▸ **Task to complete**: One range is to be output from the listing below, exactly as written: the line with "#278=ORIENTED_EDGE('',*,*,#277,.T.);" to the line with "#289=ADVANCED_FACE('F197',(#288),#272,.F.);", both kept.

▸ **Given records**:
########################################

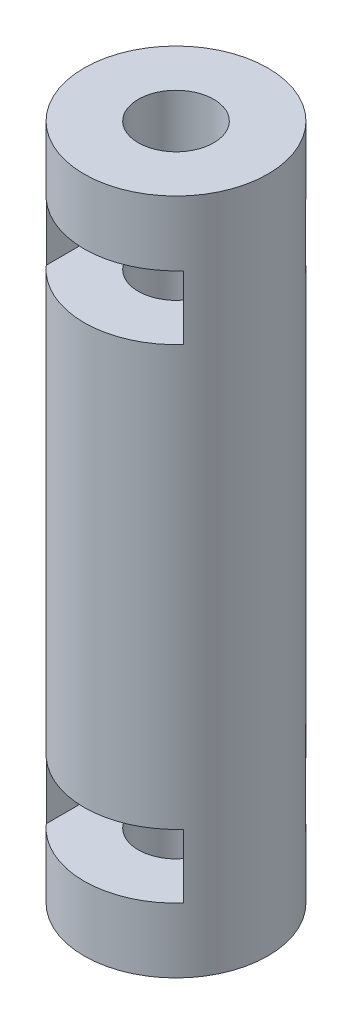
ISO-10303-21;
HEADER;
FILE_DESCRIPTION(('STEP AP214'),'2;1');
FILE_NAME('part.step','',(''),(''),'','','');
FILE_SCHEMA(('AUTOMOTIVE_DESIGN { 1 0 10303 214 1 1 1 1 }'));
ENDSEC;
DATA;
#1=APPLICATION_CONTEXT('core data for automotive mechanical design processes');
#2=APPLICATION_PROTOCOL_DEFINITION('international standard','automotive_design',2000,#1);
#3=PRODUCT_CONTEXT('',#1,'mechanical');
#4=PRODUCT('Part','Part','',(#3));
#5=PRODUCT_RELATED_PRODUCT_CATEGORY('part','',(#4));
#6=PRODUCT_DEFINITION_FORMATION('','',#4);
#7=PRODUCT_DEFINITION_CONTEXT('part definition',#1,'design');
#8=PRODUCT_DEFINITION('design','',#6,#7);
#9=PRODUCT_DEFINITION_SHAPE('','',#8);
#10=(LENGTH_UNIT() NAMED_UNIT(*) SI_UNIT(.MILLI.,.METRE.));
#11=(NAMED_UNIT(*) PLANE_ANGLE_UNIT() SI_UNIT($,.RADIAN.));
#12=(NAMED_UNIT(*) SI_UNIT($,.STERADIAN.) SOLID_ANGLE_UNIT());
#13=UNCERTAINTY_MEASURE_WITH_UNIT(LENGTH_MEASURE(1.E-05),#10,'distance_accuracy_value','');
#14=(GEOMETRIC_REPRESENTATION_CONTEXT(3) GLOBAL_UNCERTAINTY_ASSIGNED_CONTEXT((#13)) GLOBAL_UNIT_ASSIGNED_CONTEXT((#10,
#11,#12)) REPRESENTATION_CONTEXT('',''));
#15=CARTESIAN_POINT('',(0.,0.,0.));
#16=DIRECTION('',(0.,0.,1.));
#17=DIRECTION('',(1.,0.,0.));
#18=AXIS2_PLACEMENT_3D('',#15,#16,#17);
#19=CARTESIAN_POINT('',(0.,35.,0.));
#20=DIRECTION('',(0.,-1.,0.));
#21=DIRECTION('',(0.,0.,-1.));
#22=AXIS2_PLACEMENT_3D('',#19,#20,#21);
#23=CYLINDRICAL_SURFACE('',#22,1.95);
#24=CARTESIAN_POINT('',(0.,31.65,0.));
#25=DIRECTION('',(0.,1.,0.));
#26=DIRECTION('',(0.,0.,1.));
#27=AXIS2_PLACEMENT_3D('',#24,#25,#26);
#28=CIRCLE('',#27,1.95);
#29=CARTESIAN_POINT('',(0.,31.65,1.95));
#30=VERTEX_POINT('',#29);
#31=EDGE_CURVE('E143',#30,#30,#28,.T.);
#32=ORIENTED_EDGE('',*,*,#31,.F.);
#33=EDGE_LOOP('',(#32));
#34=FACE_BOUND('',#33,.T.);
#35=CARTESIAN_POINT('',(0.,35.,0.));
#36=DIRECTION('',(0.,1.,0.));
#37=DIRECTION('',(0.,0.,1.));
#38=AXIS2_PLACEMENT_3D('',#35,#36,#37);
#39=CIRCLE('',#38,1.95);
#40=CARTESIAN_POINT('',(0.,35.,1.95));
#41=VERTEX_POINT('',#40);
#42=EDGE_CURVE('E148',#41,#41,#39,.T.);
#43=ORIENTED_EDGE('',*,*,#42,.T.);
#44=EDGE_LOOP('',(#43));
#45=FACE_BOUND('',#44,.T.);
#46=ADVANCED_FACE('F39',(#34,#45),#23,.F.);
#47=CARTESIAN_POINT('',(0.,35.,0.));
#48=DIRECTION('',(0.,1.,0.));
#49=DIRECTION('',(0.,0.,1.));
#50=AXIS2_PLACEMENT_3D('',#47,#48,#49);
#51=PLANE('',#50);
#52=CARTESIAN_POINT('',(0.,35.,0.));
#53=DIRECTION('',(0.,1.,0.));
#54=DIRECTION('',(0.,0.,1.));
#55=AXIS2_PLACEMENT_3D('',#52,#53,#54);
#56=CIRCLE('',#55,4.75);
#57=CARTESIAN_POINT('',(0.,35.,4.75));
#58=VERTEX_POINT('',#57);
#59=EDGE_CURVE('E153',#58,#58,#56,.T.);
#60=ORIENTED_EDGE('',*,*,#59,.T.);
#61=EDGE_LOOP('',(#60));
#62=FACE_BOUND('',#61,.T.);
#63=ORIENTED_EDGE('',*,*,#42,.F.);
#64=EDGE_LOOP('',(#63));
#65=FACE_BOUND('',#64,.T.);
#66=ADVANCED_FACE('F209',(#62,#65),#51,.T.);
#67=CARTESIAN_POINT('',(0.,0.,0.));
#68=DIRECTION('',(0.,1.,0.));
#69=DIRECTION('',(0.,0.,1.));
#70=AXIS2_PLACEMENT_3D('',#67,#68,#69);
#71=PLANE('',#70);
#72=CARTESIAN_POINT('',(0.,0.,0.));
#73=DIRECTION('',(0.,1.,0.));
#74=DIRECTION('',(0.,0.,1.));
#75=AXIS2_PLACEMENT_3D('',#72,#73,#74);
#76=CIRCLE('',#75,4.75);
#77=CARTESIAN_POINT('',(0.,0.,4.75));
#78=VERTEX_POINT('',#77);
#79=EDGE_CURVE('E149',#78,#78,#76,.T.);
#80=ORIENTED_EDGE('',*,*,#79,.F.);
#81=EDGE_LOOP('',(#80));
#82=FACE_BOUND('',#81,.T.);
#83=CARTESIAN_POINT('',(0.,0.,0.));
#84=DIRECTION('',(0.,1.,0.));
#85=DIRECTION('',(0.,0.,1.));
#86=AXIS2_PLACEMENT_3D('',#83,#84,#85);
#87=CIRCLE('',#86,1.95);
#88=CARTESIAN_POINT('',(0.,0.,1.95));
#89=VERTEX_POINT('',#88);
#90=EDGE_CURVE('E147',#89,#89,#87,.T.);
#91=ORIENTED_EDGE('',*,*,#90,.T.);
#92=EDGE_LOOP('',(#91));
#93=FACE_BOUND('',#92,.T.);
#94=ADVANCED_FACE('F201',(#82,#93),#71,.F.);
#95=CARTESIAN_POINT('',(0.,35.,0.));
#96=DIRECTION('',(0.,-1.,0.));
#97=DIRECTION('',(0.,0.,-1.));
#98=AXIS2_PLACEMENT_3D('',#95,#96,#97);
#99=CYLINDRICAL_SURFACE('',#98,4.75);
#100=DIRECTION('',(0.,-1.,0.));
#101=VECTOR('',#100,1.);
#102=CARTESIAN_POINT('',(3.55,35.,-3.1559467676119));
#103=LINE('',#102,#101);
#104=CARTESIAN_POINT('',(3.55,28.35,-3.1559467676119));
#105=VERTEX_POINT('',#104);
#106=CARTESIAN_POINT('',(3.55,31.65,-3.1559467676119));
#107=VERTEX_POINT('',#106);
#108=EDGE_CURVE('E11',#105,#107,#103,.F.);
#109=ORIENTED_EDGE('',*,*,#108,.T.);
#110=CARTESIAN_POINT('',(0.,31.65,0.));
#111=DIRECTION('',(0.,1.,0.));
#112=DIRECTION('',(0.,0.,1.));
#113=AXIS2_PLACEMENT_3D('',#110,#111,#112);
#114=CIRCLE('',#113,4.75);
#115=CARTESIAN_POINT('',(-3.55,31.65,-3.1559467676119));
#116=VERTEX_POINT('',#115);
#117=EDGE_CURVE('E52',#107,#116,#114,.T.);
#118=ORIENTED_EDGE('',*,*,#117,.T.);
#119=DIRECTION('',(0.,-1.,0.));
#120=VECTOR('',#119,1.);
#121=CARTESIAN_POINT('',(-3.55,35.,-3.1559467676119));
#122=LINE('',#121,#120);
#123=CARTESIAN_POINT('',(-3.55,28.35,-3.1559467676119));
#124=VERTEX_POINT('',#123);
#125=EDGE_CURVE('E50',#116,#124,#122,.T.);
#126=ORIENTED_EDGE('',*,*,#125,.T.);
#127=CARTESIAN_POINT('',(0.,28.35,0.));
#128=DIRECTION('',(0.,-1.,0.));
#129=DIRECTION('',(0.,0.,-1.));
#130=AXIS2_PLACEMENT_3D('',#127,#128,#129);
#131=CIRCLE('',#130,4.75);
#132=EDGE_CURVE('E142',#124,#105,#131,.T.);
#133=ORIENTED_EDGE('',*,*,#132,.T.);
#134=EDGE_LOOP('',(#109,#118,#126,#133));
#135=FACE_BOUND('',#134,.T.);
#136=CARTESIAN_POINT('',(-3.55,31.65,3.1559467676119));
#137=VERTEX_POINT('',#136);
#138=CARTESIAN_POINT('',(3.55,31.65,3.1559467676119));
#139=VERTEX_POINT('',#138);
#140=EDGE_CURVE('E136',#137,#139,#114,.T.);
#141=ORIENTED_EDGE('',*,*,#140,.T.);
#142=DIRECTION('',(0.,-1.,0.));
#143=VECTOR('',#142,1.);
#144=CARTESIAN_POINT('',(3.55,35.,3.1559467676119));
#145=LINE('',#144,#143);
#146=CARTESIAN_POINT('',(3.55,28.35,3.1559467676119));
#147=VERTEX_POINT('',#146);
#148=EDGE_CURVE('E174',#139,#147,#145,.T.);
#149=ORIENTED_EDGE('',*,*,#148,.T.);
#150=CARTESIAN_POINT('',(-3.55,28.35,3.1559467676119));
#151=VERTEX_POINT('',#150);
#152=EDGE_CURVE('E145',#147,#151,#131,.T.);
#153=ORIENTED_EDGE('',*,*,#152,.T.);
#154=DIRECTION('',(0.,-1.,0.));
#155=VECTOR('',#154,1.);
#156=CARTESIAN_POINT('',(-3.55,35.,3.1559467676119));
#157=LINE('',#156,#155);
#158=EDGE_CURVE('E123',#151,#137,#157,.F.);
#159=ORIENTED_EDGE('',*,*,#158,.T.);
#160=EDGE_LOOP('',(#141,#149,#153,#159));
#161=FACE_BOUND('',#160,.T.);
#162=DIRECTION('',(0.,-1.,0.));
#163=VECTOR('',#162,1.);
#164=CARTESIAN_POINT('',(3.54999999999999,35.,-3.15594676761191));
#165=LINE('',#164,#163);
#166=CARTESIAN_POINT('',(3.54999999999999,3.35,-3.15594676761191));
#167=VERTEX_POINT('',#166);
#168=CARTESIAN_POINT('',(3.54999999999999,6.65,-3.15594676761191));
#169=VERTEX_POINT('',#168);
#170=EDGE_CURVE('E108',#167,#169,#165,.F.);
#171=ORIENTED_EDGE('',*,*,#170,.T.);
#172=CARTESIAN_POINT('',(0.,6.65,0.));
#173=DIRECTION('',(0.,1.,0.));
#174=DIRECTION('',(0.,0.,1.));
#175=AXIS2_PLACEMENT_3D('',#172,#173,#174);
#176=CIRCLE('',#175,4.75);
#177=CARTESIAN_POINT('',(-3.55000000000001,6.65,-3.15594676761189));
#178=VERTEX_POINT('',#177);
#179=EDGE_CURVE('E140',#169,#178,#176,.T.);
#180=ORIENTED_EDGE('',*,*,#179,.T.);
#181=DIRECTION('',(0.,-1.,0.));
#182=VECTOR('',#181,1.);
#183=CARTESIAN_POINT('',(-3.55000000000001,35.,-3.15594676761189));
#184=LINE('',#183,#182);
#185=CARTESIAN_POINT('',(-3.55000000000001,3.35,-3.15594676761189));
#186=VERTEX_POINT('',#185);
#187=EDGE_CURVE('E109',#178,#186,#184,.T.);
#188=ORIENTED_EDGE('',*,*,#187,.T.);
#189=CARTESIAN_POINT('',(0.,3.35,0.));
#190=DIRECTION('',(0.,-1.,0.));
#191=DIRECTION('',(0.,0.,-1.));
#192=AXIS2_PLACEMENT_3D('',#189,#190,#191);
#193=CIRCLE('',#192,4.75);
#194=EDGE_CURVE('E106',#186,#167,#193,.T.);
#195=ORIENTED_EDGE('',*,*,#194,.T.);
#196=EDGE_LOOP('',(#171,#180,#188,#195));
#197=FACE_BOUND('',#196,.T.);
#198=CARTESIAN_POINT('',(-3.55000000000001,6.65,3.15594676761189));
#199=VERTEX_POINT('',#198);
#200=CARTESIAN_POINT('',(3.54999999999999,6.65,3.15594676761191));
#201=VERTEX_POINT('',#200);
#202=EDGE_CURVE('E132',#199,#201,#176,.T.);
#203=ORIENTED_EDGE('',*,*,#202,.T.);
#204=DIRECTION('',(0.,-1.,0.));
#205=VECTOR('',#204,1.);
#206=CARTESIAN_POINT('',(3.54999999999999,35.,3.15594676761191));
#207=LINE('',#206,#205);
#208=CARTESIAN_POINT('',(3.54999999999999,3.35,3.15594676761191));
#209=VERTEX_POINT('',#208);
#210=EDGE_CURVE('E127',#201,#209,#207,.T.);
#211=ORIENTED_EDGE('',*,*,#210,.T.);
#212=CARTESIAN_POINT('',(-3.55000000000001,3.35,3.15594676761189));
#213=VERTEX_POINT('',#212);
#214=EDGE_CURVE('E114',#209,#213,#193,.T.);
#215=ORIENTED_EDGE('',*,*,#214,.T.);
#216=DIRECTION('',(0.,-1.,0.));
#217=VECTOR('',#216,1.);
#218=CARTESIAN_POINT('',(-3.55000000000001,35.,3.15594676761189));
#219=LINE('',#218,#217);
#220=EDGE_CURVE('E156',#213,#199,#219,.F.);
#221=ORIENTED_EDGE('',*,*,#220,.T.);
#222=EDGE_LOOP('',(#203,#211,#215,#221));
#223=FACE_BOUND('',#222,.T.);
#224=ORIENTED_EDGE('',*,*,#59,.F.);
#225=EDGE_LOOP('',(#224));
#226=FACE_BOUND('',#225,.T.);
#227=ORIENTED_EDGE('',*,*,#79,.T.);
#228=EDGE_LOOP('',(#227));
#229=FACE_BOUND('',#228,.T.);
#230=ADVANCED_FACE('F41',(#135,#161,#197,#223,#226,#229),#99,.T.);
#231=CARTESIAN_POINT('',(0.,3.35,0.));
#232=DIRECTION('',(0.,-1.,0.));
#233=DIRECTION('',(0.,0.,-1.));
#234=AXIS2_PLACEMENT_3D('',#231,#232,#233);
#235=CIRCLE('',#234,1.95);
#236=CARTESIAN_POINT('',(0.,3.35,-1.95));
#237=VERTEX_POINT('',#236);
#238=EDGE_CURVE('E111',#237,#237,#235,.T.);
#239=ORIENTED_EDGE('',*,*,#238,.F.);
#240=EDGE_LOOP('',(#239));
#241=FACE_BOUND('',#240,.T.);
#242=ORIENTED_EDGE('',*,*,#90,.F.);
#243=EDGE_LOOP('',(#242));
#244=FACE_BOUND('',#243,.T.);
#245=ADVANCED_FACE('F205',(#241,#244),#23,.F.);
#246=CARTESIAN_POINT('',(3.54999999999999,6.65,-4.75));
#247=DIRECTION('',(1.,0.,0.));
#248=DIRECTION('',(0.,0.,-1.));
#249=AXIS2_PLACEMENT_3D('',#246,#247,#248);
#250=PLANE('',#249);
#251=DIRECTION('',(0.,0.,1.));
#252=VECTOR('',#251,1.);
#253=CARTESIAN_POINT('',(3.54999999999999,6.65,-4.75));
#254=LINE('',#253,#252);
#255=EDGE_CURVE('E121',#169,#201,#254,.T.);
#256=ORIENTED_EDGE('',*,*,#255,.F.);
#257=ORIENTED_EDGE('',*,*,#170,.F.);
#258=DIRECTION('',(0.,0.,1.));
#259=VECTOR('',#258,1.);
#260=CARTESIAN_POINT('',(3.54999999999999,3.35,-4.75));
#261=LINE('',#260,#259);
#262=EDGE_CURVE('E122',#167,#209,#261,.T.);
#263=ORIENTED_EDGE('',*,*,#262,.T.);
#264=ORIENTED_EDGE('',*,*,#210,.F.);
#265=EDGE_LOOP('',(#256,#257,#263,#264));
#266=FACE_BOUND('',#265,.T.);
#267=ADVANCED_FACE('F119',(#266),#250,.F.);
#268=CARTESIAN_POINT('',(-3.55000000000001,6.65,-4.75));
#269=DIRECTION('',(-1.,0.,0.));
#270=DIRECTION('',(0.,0.,1.));
#271=AXIS2_PLACEMENT_3D('',#268,#269,#270);
#272=PLANE('',#271);
#273=DIRECTION('',(0.,0.,1.));
#274=VECTOR('',#273,1.);
#275=CARTESIAN_POINT('',(-3.55000000000001,6.65,-4.75));
#276=LINE('',#275,#274);
#277=EDGE_CURVE('E128',#178,#199,#276,.T.);
#278=ORIENTED_EDGE('',*,*,#277,.T.);
#279=ORIENTED_EDGE('',*,*,#220,.F.);
#280=DIRECTION('',(0.,0.,1.));
#281=VECTOR('',#280,1.);
#282=CARTESIAN_POINT('',(-3.55000000000001,3.35,-4.75));
#283=LINE('',#282,#281);
#284=EDGE_CURVE('E63',#186,#213,#283,.T.);
#285=ORIENTED_EDGE('',*,*,#284,.F.);
#286=ORIENTED_EDGE('',*,*,#187,.F.);
#287=EDGE_LOOP('',(#278,#279,#285,#286));
#288=FACE_BOUND('',#287,.T.);
#289=ADVANCED_FACE('F197',(#288),#272,.F.);
#290=CARTESIAN_POINT('',(-3.55000000000001,6.65,-4.75));
#291=DIRECTION('',(0.,1.,0.));
#292=DIRECTION('',(0.,0.,1.));
#293=AXIS2_PLACEMENT_3D('',#290,#291,#292);
#294=PLANE('',#293);
#295=CARTESIAN_POINT('',(0.,6.65,0.));
#296=DIRECTION('',(0.,1.,0.));
#297=DIRECTION('',(0.,0.,1.));
#298=AXIS2_PLACEMENT_3D('',#295,#296,#297);
#299=CIRCLE('',#298,1.95);
#300=CARTESIAN_POINT('',(0.,6.65,1.95));
#301=VERTEX_POINT('',#300);
#302=EDGE_CURVE('E139',#301,#301,#299,.T.);
#303=ORIENTED_EDGE('',*,*,#302,.T.);
#304=EDGE_LOOP('',(#303));
#305=FACE_BOUND('',#304,.T.);
#306=ORIENTED_EDGE('',*,*,#255,.T.);
#307=ORIENTED_EDGE('',*,*,#202,.F.);
#308=ORIENTED_EDGE('',*,*,#277,.F.);
#309=ORIENTED_EDGE('',*,*,#179,.F.);
#310=EDGE_LOOP('',(#306,#307,#308,#309));
#311=FACE_BOUND('',#310,.T.);
#312=ADVANCED_FACE('F200',(#305,#311),#294,.F.);
#313=CARTESIAN_POINT('',(-3.55000000000001,3.35,-4.75));
#314=DIRECTION('',(0.,-1.,0.));
#315=DIRECTION('',(0.,0.,-1.));
#316=AXIS2_PLACEMENT_3D('',#313,#314,#315);
#317=PLANE('',#316);
#318=ORIENTED_EDGE('',*,*,#238,.T.);
#319=EDGE_LOOP('',(#318));
#320=FACE_BOUND('',#319,.T.);
#321=ORIENTED_EDGE('',*,*,#262,.F.);
#322=ORIENTED_EDGE('',*,*,#194,.F.);
#323=ORIENTED_EDGE('',*,*,#284,.T.);
#324=ORIENTED_EDGE('',*,*,#214,.F.);
#325=EDGE_LOOP('',(#321,#322,#323,#324));
#326=FACE_BOUND('',#325,.T.);
#327=ADVANCED_FACE('F126',(#320,#326),#317,.F.);
#328=CARTESIAN_POINT('',(0.,28.35,0.));
#329=DIRECTION('',(0.,-1.,0.));
#330=DIRECTION('',(0.,0.,-1.));
#331=AXIS2_PLACEMENT_3D('',#328,#329,#330);
#332=CIRCLE('',#331,1.95);
#333=CARTESIAN_POINT('',(0.,28.35,-1.95));
#334=VERTEX_POINT('',#333);
#335=EDGE_CURVE('E144',#334,#334,#332,.T.);
#336=ORIENTED_EDGE('',*,*,#335,.F.);
#337=EDGE_LOOP('',(#336));
#338=FACE_BOUND('',#337,.T.);
#339=ORIENTED_EDGE('',*,*,#302,.F.);
#340=EDGE_LOOP('',(#339));
#341=FACE_BOUND('',#340,.T.);
#342=ADVANCED_FACE('F216',(#338,#341),#23,.F.);
#343=CARTESIAN_POINT('',(3.55,28.35,-4.75));
#344=DIRECTION('',(1.,0.,0.));
#345=DIRECTION('',(0.,0.,-1.));
#346=AXIS2_PLACEMENT_3D('',#343,#344,#345);
#347=PLANE('',#346);
#348=DIRECTION('',(0.,0.,1.));
#349=VECTOR('',#348,1.);
#350=CARTESIAN_POINT('',(3.55,31.65,-4.75));
#351=LINE('',#350,#349);
#352=EDGE_CURVE('E192',#107,#139,#351,.T.);
#353=ORIENTED_EDGE('',*,*,#352,.F.);
#354=ORIENTED_EDGE('',*,*,#108,.F.);
#355=DIRECTION('',(0.,0.,1.));
#356=VECTOR('',#355,1.);
#357=CARTESIAN_POINT('',(3.55,28.35,-4.75));
#358=LINE('',#357,#356);
#359=EDGE_CURVE('E161',#105,#147,#358,.T.);
#360=ORIENTED_EDGE('',*,*,#359,.T.);
#361=ORIENTED_EDGE('',*,*,#148,.F.);
#362=EDGE_LOOP('',(#353,#354,#360,#361));
#363=FACE_BOUND('',#362,.T.);
#364=ADVANCED_FACE('F221',(#363),#347,.F.);
#365=CARTESIAN_POINT('',(-3.55,28.35,-4.75));
#366=DIRECTION('',(-1.,0.,0.));
#367=DIRECTION('',(0.,0.,1.));
#368=AXIS2_PLACEMENT_3D('',#365,#366,#367);
#369=PLANE('',#368);
#370=DIRECTION('',(0.,0.,1.));
#371=VECTOR('',#370,1.);
#372=CARTESIAN_POINT('',(-3.55,31.65,-4.75));
#373=LINE('',#372,#371);
#374=EDGE_CURVE('E184',#116,#137,#373,.T.);
#375=ORIENTED_EDGE('',*,*,#374,.T.);
#376=ORIENTED_EDGE('',*,*,#158,.F.);
#377=DIRECTION('',(0.,0.,1.));
#378=VECTOR('',#377,1.);
#379=CARTESIAN_POINT('',(-3.55,28.35,-4.75));
#380=LINE('',#379,#378);
#381=EDGE_CURVE('E188',#124,#151,#380,.T.);
#382=ORIENTED_EDGE('',*,*,#381,.F.);
#383=ORIENTED_EDGE('',*,*,#125,.F.);
#384=EDGE_LOOP('',(#375,#376,#382,#383));
#385=FACE_BOUND('',#384,.T.);
#386=ADVANCED_FACE('F185',(#385),#369,.F.);
#387=CARTESIAN_POINT('',(-3.55,28.35,-4.75));
#388=DIRECTION('',(0.,-1.,0.));
#389=DIRECTION('',(0.,0.,-1.));
#390=AXIS2_PLACEMENT_3D('',#387,#388,#389);
#391=PLANE('',#390);
#392=ORIENTED_EDGE('',*,*,#335,.T.);
#393=EDGE_LOOP('',(#392));
#394=FACE_BOUND('',#393,.T.);
#395=ORIENTED_EDGE('',*,*,#359,.F.);
#396=ORIENTED_EDGE('',*,*,#132,.F.);
#397=ORIENTED_EDGE('',*,*,#381,.T.);
#398=ORIENTED_EDGE('',*,*,#152,.F.);
#399=EDGE_LOOP('',(#395,#396,#397,#398));
#400=FACE_BOUND('',#399,.T.);
#401=ADVANCED_FACE('F238',(#394,#400),#391,.F.);
#402=CARTESIAN_POINT('',(-3.55,31.65,-4.75));
#403=DIRECTION('',(0.,1.,0.));
#404=DIRECTION('',(0.,0.,1.));
#405=AXIS2_PLACEMENT_3D('',#402,#403,#404);
#406=PLANE('',#405);
#407=ORIENTED_EDGE('',*,*,#31,.T.);
#408=EDGE_LOOP('',(#407));
#409=FACE_BOUND('',#408,.T.);
#410=ORIENTED_EDGE('',*,*,#352,.T.);
#411=ORIENTED_EDGE('',*,*,#140,.F.);
#412=ORIENTED_EDGE('',*,*,#374,.F.);
#413=ORIENTED_EDGE('',*,*,#117,.F.);
#414=EDGE_LOOP('',(#410,#411,#412,#413));
#415=FACE_BOUND('',#414,.T.);
#416=ADVANCED_FACE('F240',(#409,#415),#406,.F.);
#417=CLOSED_SHELL('',(#46,#66,#94,#230,#245,#267,#289,#312,#327,#342,#364,#386,#401,#416));
#418=MANIFOLD_SOLID_BREP('B2',#417);
#419=ADVANCED_BREP_SHAPE_REPRESENTATION('',(#18,#418),#14);
#420=SHAPE_DEFINITION_REPRESENTATION(#9,#419);
ENDSEC;
END-ISO-10303-21;

########################################

▸ **Exercise solution**:
#278=ORIENTED_EDGE('',*,*,#277,.T.);
#279=ORIENTED_EDGE('',*,*,#220,.F.);
#280=DIRECTION('',(0.,0.,1.));
#281=VECTOR('',#280,1.);
#282=CARTESIAN_POINT('',(-3.55000000000001,3.35,-4.75));
#283=LINE('',#282,#281);
#284=EDGE_CURVE('E63',#186,#213,#283,.T.);
#285=ORIENTED_EDGE('',*,*,#284,.F.);
#286=ORIENTED_EDGE('',*,*,#187,.F.);
#287=EDGE_LOOP('',(#278,#279,#285,#286));
#288=FACE_BOUND('',#287,.T.);
#289=ADVANCED_FACE('F197',(#288),#272,.F.);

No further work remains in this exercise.